Problem description> Find the string "millimetres" in the data, and copy out each line that has it.

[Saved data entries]
━━━━━━━━━━━━━━━━━━━━

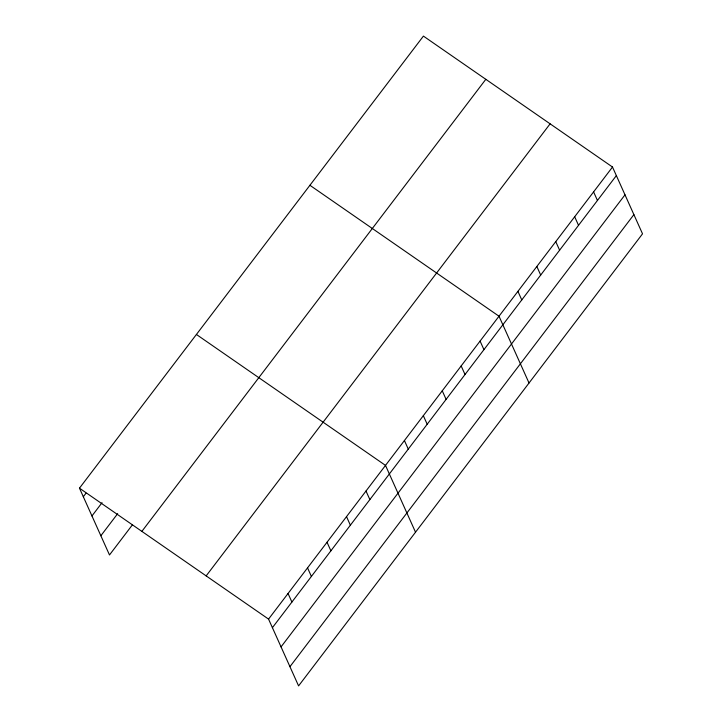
<?xml version="1.0" encoding="UTF-8"?>
<svg xmlns="http://www.w3.org/2000/svg" width="722" height="722" viewBox="0 0 722 722"><rect width="100%" height="100%" fill="white"/><g stroke="black" fill="none" stroke-linecap="round" stroke-linejoin="round"><path stroke-width="1.08" d="M79.474 488.171L423.417 36.1L612.509 167.035L642.526 233.829L298.583 685.9L268.557 619.106L79.474 488.171L109.491 554.965L132.343 524.93M83.319 496.736L86.008 493.198M91.956 515.95L102.037 502.702M100.854 535.751L117.659 513.667M141.873 531.374L485.825 79.312M206.158 575.894L550.11 123.832M268.557 619.106L612.509 167.035M272.411 627.671L616.362 175.599M281.048 646.885L624.999 194.823M289.946 666.686L633.898 214.614M309.918 185.283L499.01 316.218L529.027 383.012M196.411 334.466L385.503 465.401L415.52 532.195M593.592 191.899L597.446 200.463M574.676 216.762L578.53 225.327M555.759 241.626L559.613 250.191M536.843 266.49L540.688 275.055M517.927 291.354L521.771 299.919M480.094 341.082L483.939 349.647M461.168 365.946L465.022 374.51M442.252 390.81L446.106 399.374M423.336 415.673L427.189 424.238M404.419 440.537L408.273 449.102M366.009 491.023L369.863 499.588M346.524 516.636L350.369 525.201M327.03 542.258L330.884 550.823M307.545 567.871L311.39 576.436M288.051 593.484L291.905 602.058"/></g></svg>
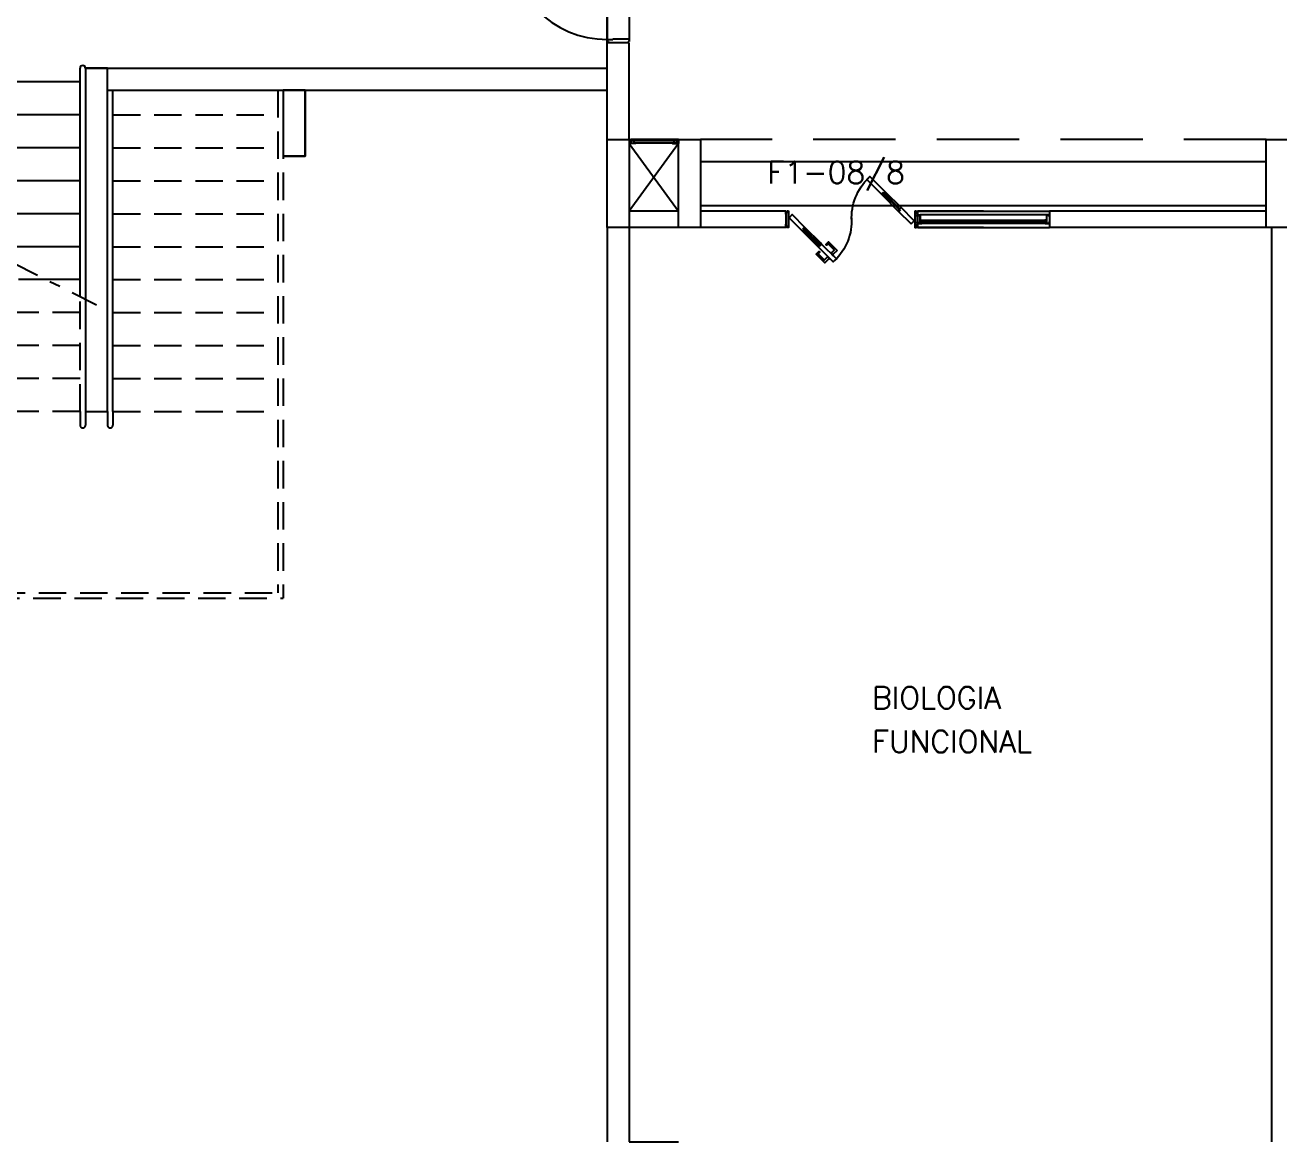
# Model space of a CAD drawing. Header units: millimetres. Extents: x 2801 to 3319, y 1187 to 1422.
# Drawn here: x 2967.02 to 2978.44, y 1314.35 to 1324.52 of the extents above; entities that cross this region are included whole.
import ezdxf

# ---------------------------------------------------------------- set-up
doc = ezdxf.new("R2010")
doc.units = ezdxf.units.MM
doc.linetypes.add('DASHDOT2', pattern=[0.5, 0.25, -0.125, 0, -0.125])
doc.linetypes.add('HIDDEN', pattern=[0.375, 0.25, -0.125])
for name, color, linetype in [('AR-ALV', 2, 'Continuous'), ('AR-CALÇADA', 1, 'Continuous'), ('AR-DASH', 1, 'DASHDOT2'), ('AR-ESCADA', 2, 'Continuous'), ('AR-ESQ', 1, 'Continuous'), ('AR-ESTC', 3, 'Continuous'), ('AR-PEITORIL', 1, 'Continuous'), ('AR-PF-maçaneta', 1, 'Continuous'), ('AR-PF-mov', 1, 'Continuous'), ('AR-PF-pm1', 2, 'Continuous'), ('AR-PF-soleira', 1, 'Continuous'), ('AR-PISO', 1, 'Continuous'), ('AR-PORTA', 1, 'Continuous'), ('AR-PROJ', 1, 'HIDDEN'), ('AR-SHAFT', 1, 'Continuous'), ('DT-ESQ-BAGUETE-C', 2, 'Continuous'), ('DT-ESQ-BAGUETE-V', 1, 'Continuous'), ('DT-ESQ-CHAPA DOBRADA-V', 1, 'Continuous'), ('DT-ESQ-MARCO-V', 1, 'Continuous'), ('DT-ESQ-PERFIL CADEIRA-C', 2, 'Continuous'), ('DT-ESQ-PERFIL CADEIRA-V', 1, 'Continuous'), ('DT-ESQ-PERFIL U-C', 2, 'Continuous'), ('DT-ESQ-VENEZIANA-C', 2, 'Continuous'), ('DT-ESQ-VENEZIANA-V', 2, 'Continuous'), ('DT-ESQ-VIDRO-C', 2, 'Continuous'), ('ENDEREÇO', 2, 'Continuous'), ('ES-GUARDACORPO', 1, 'Continuous'), ('ES-PILAR', 2, 'Continuous'), ('maçaneta', 1, 'Continuous'), ('mov', 1, 'Continuous'), ('PM-PERFIL U-C', 2, 'Continuous'), ('PM-VIDRO', 1, 'Continuous'), ('pm1', 2, 'Continuous'), ('pm2', 2, 'Continuous'), ('PROJ2', 1, 'HIDDEN'), ('TEXTO', 2, 'Continuous')]:
    doc.layers.add(name, color=color, linetype=linetype)
doc.styles.add('UNB-100', font='simplex.shx', dxfattribs={"height": 0.2})
doc.styles.add('UNB1-100', font='simplex.shx', dxfattribs={"height": 0.2})

# ---------------------------------------------------------------- blocks, each defined once
blk = doc.blocks.new('EF01-P')
at = {"layer": 'DT-ESQ-BAGUETE-C', "ltscale": 0.1}
for points in [[(0.002, 0.035), (0.015, 0.035), (0.015, 0.033), (0.002, 0.033), (0.002, 0.005), (0.015, 0.005), (0.015, 0.004), (0.002, 0.004, -0.414214), (0, 0.005), (0, 0.033, -0.414214)], [(0.448, 0.035), (0.435, 0.035), (0.435, 0.033), (0.448, 0.033), (0.448, 0.005), (0.435, 0.005), (0.435, 0.004), (0.448, 0.004, 0.414214), (0.45, 0.005), (0.45, 0.033, 0.414214)]]:
    blk.add_lwpolyline(points, format="xyb", close=True, dxfattribs=at)
at = {"layer": 'DT-ESQ-PERFIL CADEIRA-C', "color": 2, "ltscale": 0.1}
for points in [[(0.01, 0.002), (0.01, 0.003), (0.002, 0.003, 1), (0.002, 0), (0.015, 0, 0.414214), (0.016, 0.002), (0.016, 0.033), (0.043, 0.033)], [(0.407, 0.006), (0.432, 0.006), (0.432, 0.016), (0.433, 0.016), (0.433, 0.006, -0.414214), (0.432, 0.005), (0.407, 0.005), (0.394, 0.005, -1), (0.394, 0.008), (0.407, 0.008), (0.407, 0.02), (0.407, 0.032), (0.394, 0.032, -1), (0.394, 0.035), (0.407, 0.035), (0.433, 0.035, -0.414214), (0.435, 0.033), (0.435, 0.002), (0.448, 0.002)]]:
    blk.add_lwpolyline(points, format="xyb", dxfattribs=at)
at = {"layer": 'DT-ESQ-PERFIL CADEIRA-C', "ltscale": 0.1}
for points in [[(0.043, 0.006), (0.018, 0.006), (0.018, 0.016), (0.016, 0.016), (0.016, 0.006, 0.414214), (0.018, 0.005), (0.043, 0.005), (0.056, 0.005, 1), (0.056, 0.008), (0.043, 0.008), (0.043, 0.02), (0.043, 0.032), (0.056, 0.032, 1), (0.056, 0.035), (0.043, 0.035), (0.016, 0.035, 0.414214), (0.015, 0.033), (0.015, 0.002), (0.002, 0.002)], [(0.041, 0.02), (0.041, 0.032, -0.414214), (0.043, 0.033), (0.056, 0.033)], [(0.041, 0.02), (0.041, 0.008, 0.414214), (0.043, 0.006), (0.056, 0.006)], [(0.408, 0.02), (0.408, 0.032, 0.414214), (0.407, 0.033), (0.394, 0.033)], [(0.408, 0.02), (0.408, 0.008, -0.414214), (0.407, 0.006), (0.394, 0.006)], [(0.44, 0.002), (0.44, 0.003), (0.448, 0.003, -1), (0.448, 0), (0.435, 0, -0.414214), (0.433, 0.002), (0.433, 0.033), (0.407, 0.033)]]:
    blk.add_lwpolyline(points, format="xyb", dxfattribs=at)
at = {"layer": 'DT-ESQ-PERFIL CADEIRA-V', "ltscale": 0.1}
blk.add_line((0.015, 0), (0.435, 0), dxfattribs=at)
at = {"layer": 'DT-ESQ-VENEZIANA-C', "ltscale": 0.1}
for p, q in [((0.043, 0.011), (0.407, 0.011)), ((0.043, 0.009), (0.407, 0.009))]:
    blk.add_line(p, q, dxfattribs=at)
at = {"layer": 'DT-ESQ-VENEZIANA-V', "ltscale": 0.1}
blk.add_line((0.043, 0.031), (0.407, 0.031), dxfattribs=at)
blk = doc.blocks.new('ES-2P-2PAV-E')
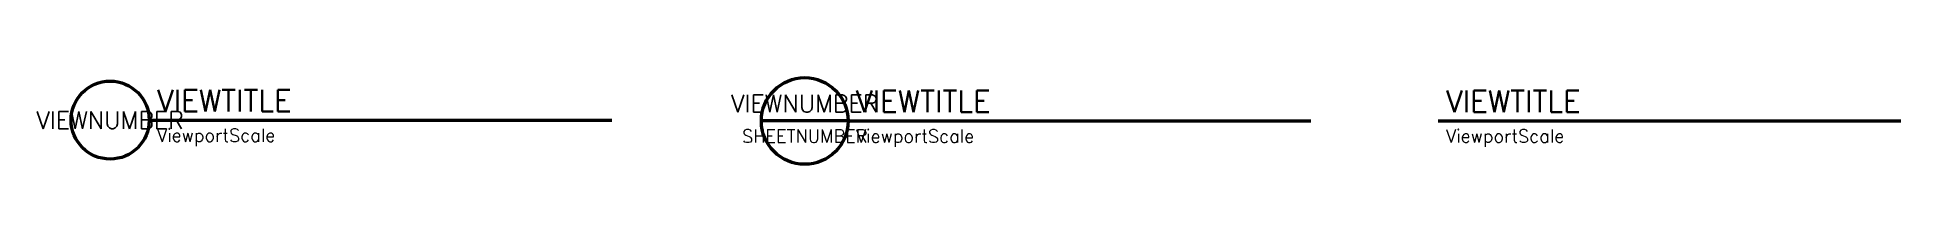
# Model space of a CAD drawing. Header units: millimetres. Extents: x -1260 to 30968, y -765 to 735.
import ezdxf
from ezdxf.enums import TextEntityAlignment as Align

# ---------------------------------------------------------------- set-up
doc = ezdxf.new("R2010")
doc.units = ezdxf.units.MM
doc.header["$LTSCALE"] = 0.5
doc.layers.add('A010G', color=213, linetype='Continuous', lineweight=50)
doc.styles.add('RomanS', font='romans.shx')

# ---------------------------------------------------------------- blocks, each defined once
blk = doc.blocks.new('*U9')
blk.add_lwpolyline([(0, 0), (80, 0)])
at = {"color": 0, "linetype": 'ByBlock', "lineweight": -2, "style": 'RomanS'}
blk.add_attdef('TITLE', (1.37, 1.5), '', height=3.75, dxfattribs=at)
blk.add_attdef('SCALE', text='', height=2.25, dxfattribs=at).set_placement((1.37, -1.5), align=Align.TOP_LEFT)
blk = doc.blocks.new('*U10')
blk.add_lwpolyline([(0, 0), (80, 0)])
at = {"color": 0, "linetype": 'ByBlock', "lineweight": -2}
blk.add_circle((-6.75, 0), 6.75, dxfattribs=at)
blk.add_circle((-6.75, 0), 6.75, dxfattribs=at)
at = {"color": 0, "linetype": 'ByBlock', "lineweight": -2, "style": 'RomanS'}
blk.add_attdef('TITLE', (1.37, 1.5), '', height=3.75, dxfattribs=at)
blk.add_attdef('NUMBER', text='', height=3, dxfattribs=at).set_placement((-6.75, 0), align=Align.MIDDLE)
blk.add_attdef('SCALE', text='', height=2.25, dxfattribs=at).set_placement((1.37, -1.5), align=Align.TOP_LEFT)
blk = doc.blocks.new('*U8')
at = {"color": 0, "linetype": 'ByBlock', "lineweight": -2}
blk.add_line((0, 0), (-15, 0), dxfattribs=at)
blk.add_lwpolyline([(0, 0), (80, 0)])
blk.add_circle((-7.5, 0), 7.5, dxfattribs=at)
at = {"color": 0, "linetype": 'ByBlock', "lineweight": -2, "style": 'RomanS'}
blk.add_attdef('NUMBER', text='', height=3, dxfattribs=at).set_placement((-7.5, 1.5), align=Align.CENTER)
blk.add_attdef('TITLE', (1.37, 1.5), '', height=3.75, dxfattribs=at)
blk.add_attdef('SHEET', text='', height=2.25, dxfattribs=at).set_placement((-7.5, -1.5), align=Align.TOP_CENTER)
blk.add_attdef('SCALE', text='', height=2.25, dxfattribs=at).set_placement((1.37, -1.5), align=Align.TOP_LEFT)

msp = doc.modelspace()

# ---------------------------------------------------------------- block references
at = {"layer": 'A010G', "xscale": 100, "yscale": 100, "zscale": 100}
for name, p, values in [('*U10', (675, 0), {'SCALE': 'ViewportScale', 'TITLE': 'VIEWTITLE', 'NUMBER': 'VIEWNUMBER'}), ('*U8', (12763, -15), {'SCALE': 'ViewportScale', 'TITLE': 'VIEWTITLE', 'SHEET': 'SHEETNUMBER', 'NUMBER': 'VIEWNUMBER'}), ('*U9', (22968, -14), {'SCALE': 'ViewportScale', 'TITLE': 'VIEWTITLE'})]:
    msp.add_blockref(name, p, dxfattribs=at).add_auto_attribs(values)

doc.saveas('drawing.dxf')

━━━━━━━━━━━━━━━━━━━━

Solution below>
# Model space of a CAD drawing. Header units: millimetres. Extents: x 2801 to 3319, y 1187 to 1422.
# Model space of a CAD drawing. Header units: millimetres. Extents: x -1260 to 30968, y -765 to 735.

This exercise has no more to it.